Red peppers are the centerpiece of any buffet table. Crisp and wonderfully delicious, these red beauties are a simple sell to anyone who isn’t a fan of vegetables.
The only limiting factor is that they can be costly during winter, we can look forward to eating more inexpensive local peppers.
Did you know that green peppers are just unripe red peppers? Because they are not fully mature, they have a bitter after taste and half the vitamin C and 1/10th the vitamin A compared to their red or orange siblings. Vitamin A is important for eye health, and vitamin C may prevent the common cold.
Paprika and chili peppers offer the same benefits, but with extra capsaicin, a chemical that can produce a strong burning sensation in the mouth. It’s not in red peppers because a recessive gene eliminates it.
Here are 5 health benefits of red peppers:
1. Red peppers contain more than 200 percent of your daily vitamin C intake.
Besides being a powerful antioxidant, vitamin C helps the proper absorption of iron. If you are iron deficient, try combining red peppers with your iron source for maximum absorption.
2. Red bell peppers are a great source of vitamin B6 and folate.
Both these vitamins and minerals can help prevent anemia.

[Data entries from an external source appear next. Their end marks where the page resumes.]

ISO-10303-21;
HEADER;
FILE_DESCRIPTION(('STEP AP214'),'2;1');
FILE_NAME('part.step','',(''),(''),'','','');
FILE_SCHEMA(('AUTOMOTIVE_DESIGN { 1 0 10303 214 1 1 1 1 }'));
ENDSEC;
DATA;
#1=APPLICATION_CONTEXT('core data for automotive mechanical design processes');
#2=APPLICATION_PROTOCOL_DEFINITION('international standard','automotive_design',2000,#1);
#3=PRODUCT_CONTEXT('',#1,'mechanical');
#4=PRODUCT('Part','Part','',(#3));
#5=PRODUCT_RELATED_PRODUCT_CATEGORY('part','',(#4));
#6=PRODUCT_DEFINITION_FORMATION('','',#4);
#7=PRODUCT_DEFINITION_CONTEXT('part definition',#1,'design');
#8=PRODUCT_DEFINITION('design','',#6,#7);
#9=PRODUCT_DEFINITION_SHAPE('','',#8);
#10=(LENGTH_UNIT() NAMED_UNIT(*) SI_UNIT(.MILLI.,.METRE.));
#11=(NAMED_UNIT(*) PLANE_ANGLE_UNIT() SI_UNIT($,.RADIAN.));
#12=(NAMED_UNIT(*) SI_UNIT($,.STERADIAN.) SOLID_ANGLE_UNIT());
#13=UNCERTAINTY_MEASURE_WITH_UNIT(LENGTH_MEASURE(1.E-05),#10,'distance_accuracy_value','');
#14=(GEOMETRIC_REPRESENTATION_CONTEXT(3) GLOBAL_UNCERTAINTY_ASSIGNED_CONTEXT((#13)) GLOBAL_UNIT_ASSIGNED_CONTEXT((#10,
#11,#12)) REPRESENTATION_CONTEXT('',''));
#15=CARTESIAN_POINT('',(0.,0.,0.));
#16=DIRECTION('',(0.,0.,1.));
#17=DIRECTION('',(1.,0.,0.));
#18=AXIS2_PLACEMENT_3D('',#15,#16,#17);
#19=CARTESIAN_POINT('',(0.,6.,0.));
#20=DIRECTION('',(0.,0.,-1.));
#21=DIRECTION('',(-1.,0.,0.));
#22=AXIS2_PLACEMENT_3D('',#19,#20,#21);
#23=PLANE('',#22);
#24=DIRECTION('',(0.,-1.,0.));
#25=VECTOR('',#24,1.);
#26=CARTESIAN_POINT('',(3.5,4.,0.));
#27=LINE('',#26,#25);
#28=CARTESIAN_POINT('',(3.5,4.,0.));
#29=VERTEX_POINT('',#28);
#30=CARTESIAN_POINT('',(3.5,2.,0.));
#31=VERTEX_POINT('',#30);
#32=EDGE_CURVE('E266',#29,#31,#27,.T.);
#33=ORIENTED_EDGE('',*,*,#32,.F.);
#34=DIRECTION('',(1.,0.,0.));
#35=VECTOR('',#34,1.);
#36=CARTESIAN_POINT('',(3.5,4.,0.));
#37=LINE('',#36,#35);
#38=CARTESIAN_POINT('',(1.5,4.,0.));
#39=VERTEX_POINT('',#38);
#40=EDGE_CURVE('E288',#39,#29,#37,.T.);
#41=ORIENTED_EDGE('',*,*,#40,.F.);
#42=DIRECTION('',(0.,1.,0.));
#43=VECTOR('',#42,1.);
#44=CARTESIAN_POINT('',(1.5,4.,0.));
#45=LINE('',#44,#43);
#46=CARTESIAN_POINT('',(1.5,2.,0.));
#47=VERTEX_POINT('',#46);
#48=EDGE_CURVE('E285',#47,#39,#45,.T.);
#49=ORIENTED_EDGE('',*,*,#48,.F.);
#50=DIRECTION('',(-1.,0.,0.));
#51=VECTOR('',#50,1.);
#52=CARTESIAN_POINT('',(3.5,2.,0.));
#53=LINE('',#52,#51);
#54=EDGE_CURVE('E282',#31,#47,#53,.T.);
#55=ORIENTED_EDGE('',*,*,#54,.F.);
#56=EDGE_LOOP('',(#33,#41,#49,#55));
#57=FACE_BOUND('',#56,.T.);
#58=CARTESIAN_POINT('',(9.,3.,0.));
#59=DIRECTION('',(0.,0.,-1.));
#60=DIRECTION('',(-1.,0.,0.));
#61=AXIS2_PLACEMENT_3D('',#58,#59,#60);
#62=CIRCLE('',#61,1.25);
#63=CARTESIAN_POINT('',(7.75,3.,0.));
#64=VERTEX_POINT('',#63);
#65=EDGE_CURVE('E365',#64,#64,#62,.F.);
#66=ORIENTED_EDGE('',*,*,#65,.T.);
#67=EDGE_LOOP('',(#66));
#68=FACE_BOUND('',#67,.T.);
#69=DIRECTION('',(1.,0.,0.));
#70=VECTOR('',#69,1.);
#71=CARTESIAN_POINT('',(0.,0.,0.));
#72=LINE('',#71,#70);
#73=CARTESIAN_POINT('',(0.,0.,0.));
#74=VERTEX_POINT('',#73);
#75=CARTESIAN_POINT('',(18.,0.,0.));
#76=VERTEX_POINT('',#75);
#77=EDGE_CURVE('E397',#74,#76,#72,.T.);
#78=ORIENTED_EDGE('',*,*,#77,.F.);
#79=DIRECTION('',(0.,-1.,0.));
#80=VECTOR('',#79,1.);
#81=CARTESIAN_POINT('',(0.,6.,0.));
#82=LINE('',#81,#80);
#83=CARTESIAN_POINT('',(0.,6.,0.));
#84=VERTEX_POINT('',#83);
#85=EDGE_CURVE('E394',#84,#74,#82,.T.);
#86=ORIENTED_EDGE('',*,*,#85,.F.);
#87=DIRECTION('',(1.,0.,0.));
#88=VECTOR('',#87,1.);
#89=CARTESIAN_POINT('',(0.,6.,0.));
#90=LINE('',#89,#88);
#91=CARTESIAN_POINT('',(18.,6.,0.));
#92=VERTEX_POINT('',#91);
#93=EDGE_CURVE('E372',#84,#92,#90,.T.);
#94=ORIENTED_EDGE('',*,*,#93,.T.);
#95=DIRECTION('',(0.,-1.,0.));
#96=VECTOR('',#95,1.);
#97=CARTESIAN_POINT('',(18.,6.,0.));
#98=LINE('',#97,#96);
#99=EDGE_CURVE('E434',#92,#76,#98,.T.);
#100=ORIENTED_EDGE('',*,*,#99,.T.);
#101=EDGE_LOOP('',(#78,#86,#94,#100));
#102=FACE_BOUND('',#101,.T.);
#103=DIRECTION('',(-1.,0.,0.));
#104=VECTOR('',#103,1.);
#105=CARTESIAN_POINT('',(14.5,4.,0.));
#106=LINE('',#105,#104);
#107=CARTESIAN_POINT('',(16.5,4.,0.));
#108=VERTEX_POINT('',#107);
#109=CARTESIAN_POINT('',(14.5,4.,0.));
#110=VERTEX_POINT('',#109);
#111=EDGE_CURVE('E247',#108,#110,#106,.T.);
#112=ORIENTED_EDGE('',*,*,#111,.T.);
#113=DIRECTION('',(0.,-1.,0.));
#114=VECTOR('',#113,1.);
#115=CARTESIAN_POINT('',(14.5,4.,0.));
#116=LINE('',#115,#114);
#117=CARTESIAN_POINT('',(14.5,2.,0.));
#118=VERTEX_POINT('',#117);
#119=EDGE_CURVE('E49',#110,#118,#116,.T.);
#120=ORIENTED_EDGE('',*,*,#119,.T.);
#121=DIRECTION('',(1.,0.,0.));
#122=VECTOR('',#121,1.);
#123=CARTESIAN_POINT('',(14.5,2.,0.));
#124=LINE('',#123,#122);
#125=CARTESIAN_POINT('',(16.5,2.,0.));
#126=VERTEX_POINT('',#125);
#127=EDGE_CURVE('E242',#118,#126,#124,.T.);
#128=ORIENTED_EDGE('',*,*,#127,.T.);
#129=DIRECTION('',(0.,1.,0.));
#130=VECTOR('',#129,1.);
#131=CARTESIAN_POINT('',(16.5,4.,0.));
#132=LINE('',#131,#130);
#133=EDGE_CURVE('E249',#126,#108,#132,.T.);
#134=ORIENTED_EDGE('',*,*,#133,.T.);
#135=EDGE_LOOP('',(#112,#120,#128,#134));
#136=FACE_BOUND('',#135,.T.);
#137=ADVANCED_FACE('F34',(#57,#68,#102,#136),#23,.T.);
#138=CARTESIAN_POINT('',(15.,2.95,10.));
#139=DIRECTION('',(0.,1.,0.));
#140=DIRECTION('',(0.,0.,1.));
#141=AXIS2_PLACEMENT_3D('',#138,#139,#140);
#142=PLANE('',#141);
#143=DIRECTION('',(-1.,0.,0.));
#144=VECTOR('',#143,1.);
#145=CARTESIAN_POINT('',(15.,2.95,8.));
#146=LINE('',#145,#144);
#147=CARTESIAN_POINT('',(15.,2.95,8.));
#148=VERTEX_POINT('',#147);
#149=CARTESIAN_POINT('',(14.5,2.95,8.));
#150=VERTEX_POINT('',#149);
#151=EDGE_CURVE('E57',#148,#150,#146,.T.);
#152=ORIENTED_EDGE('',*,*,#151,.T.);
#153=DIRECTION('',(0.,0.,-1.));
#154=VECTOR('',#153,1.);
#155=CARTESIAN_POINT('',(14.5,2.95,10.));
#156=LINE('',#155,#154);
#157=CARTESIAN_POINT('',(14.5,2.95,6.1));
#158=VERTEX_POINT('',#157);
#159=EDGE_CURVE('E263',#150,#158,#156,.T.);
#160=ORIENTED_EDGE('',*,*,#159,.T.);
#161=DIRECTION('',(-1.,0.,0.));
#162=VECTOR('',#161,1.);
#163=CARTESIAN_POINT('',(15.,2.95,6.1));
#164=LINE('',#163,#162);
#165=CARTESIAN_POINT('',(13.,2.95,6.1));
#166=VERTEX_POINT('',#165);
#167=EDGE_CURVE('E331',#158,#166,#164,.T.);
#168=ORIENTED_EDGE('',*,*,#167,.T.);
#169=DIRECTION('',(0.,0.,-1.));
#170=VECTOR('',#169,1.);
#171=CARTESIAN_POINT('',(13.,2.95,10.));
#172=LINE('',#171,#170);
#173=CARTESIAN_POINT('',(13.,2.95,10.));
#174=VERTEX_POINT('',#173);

3. Red bell peppers help support healthy night vision.
Red bell peppers are high in vitamin A, which helps to support healthy eyesight, especially night vision. So when it comes to bell peppers, seeing red is a good thing!
4. Red bell peppers are packed with antioxidants.
The combined effects of vitamin A and C create a great antioxidant capacity, and with lycopene in the mix, the red bell pepper becomes a top-notch superfood. Lycopene is what makes tomatoes and peppers red. Red peppers are one of the highest veggies in lycopene, which has been shown to help prevent many cancers including prostate and lung.
5. Burn more calories with red bell peppers.
Recent research has shown that sweet red peppers can activate thermogenesis and increase metabolic rate. Red bell peppers do not contain capsaicin, which is what makes peppers hot and causes us to sweat, but they do have a mild thermogenic action that increases our metabolism without increasing our heart rate and blood pressure like the hot peppers do.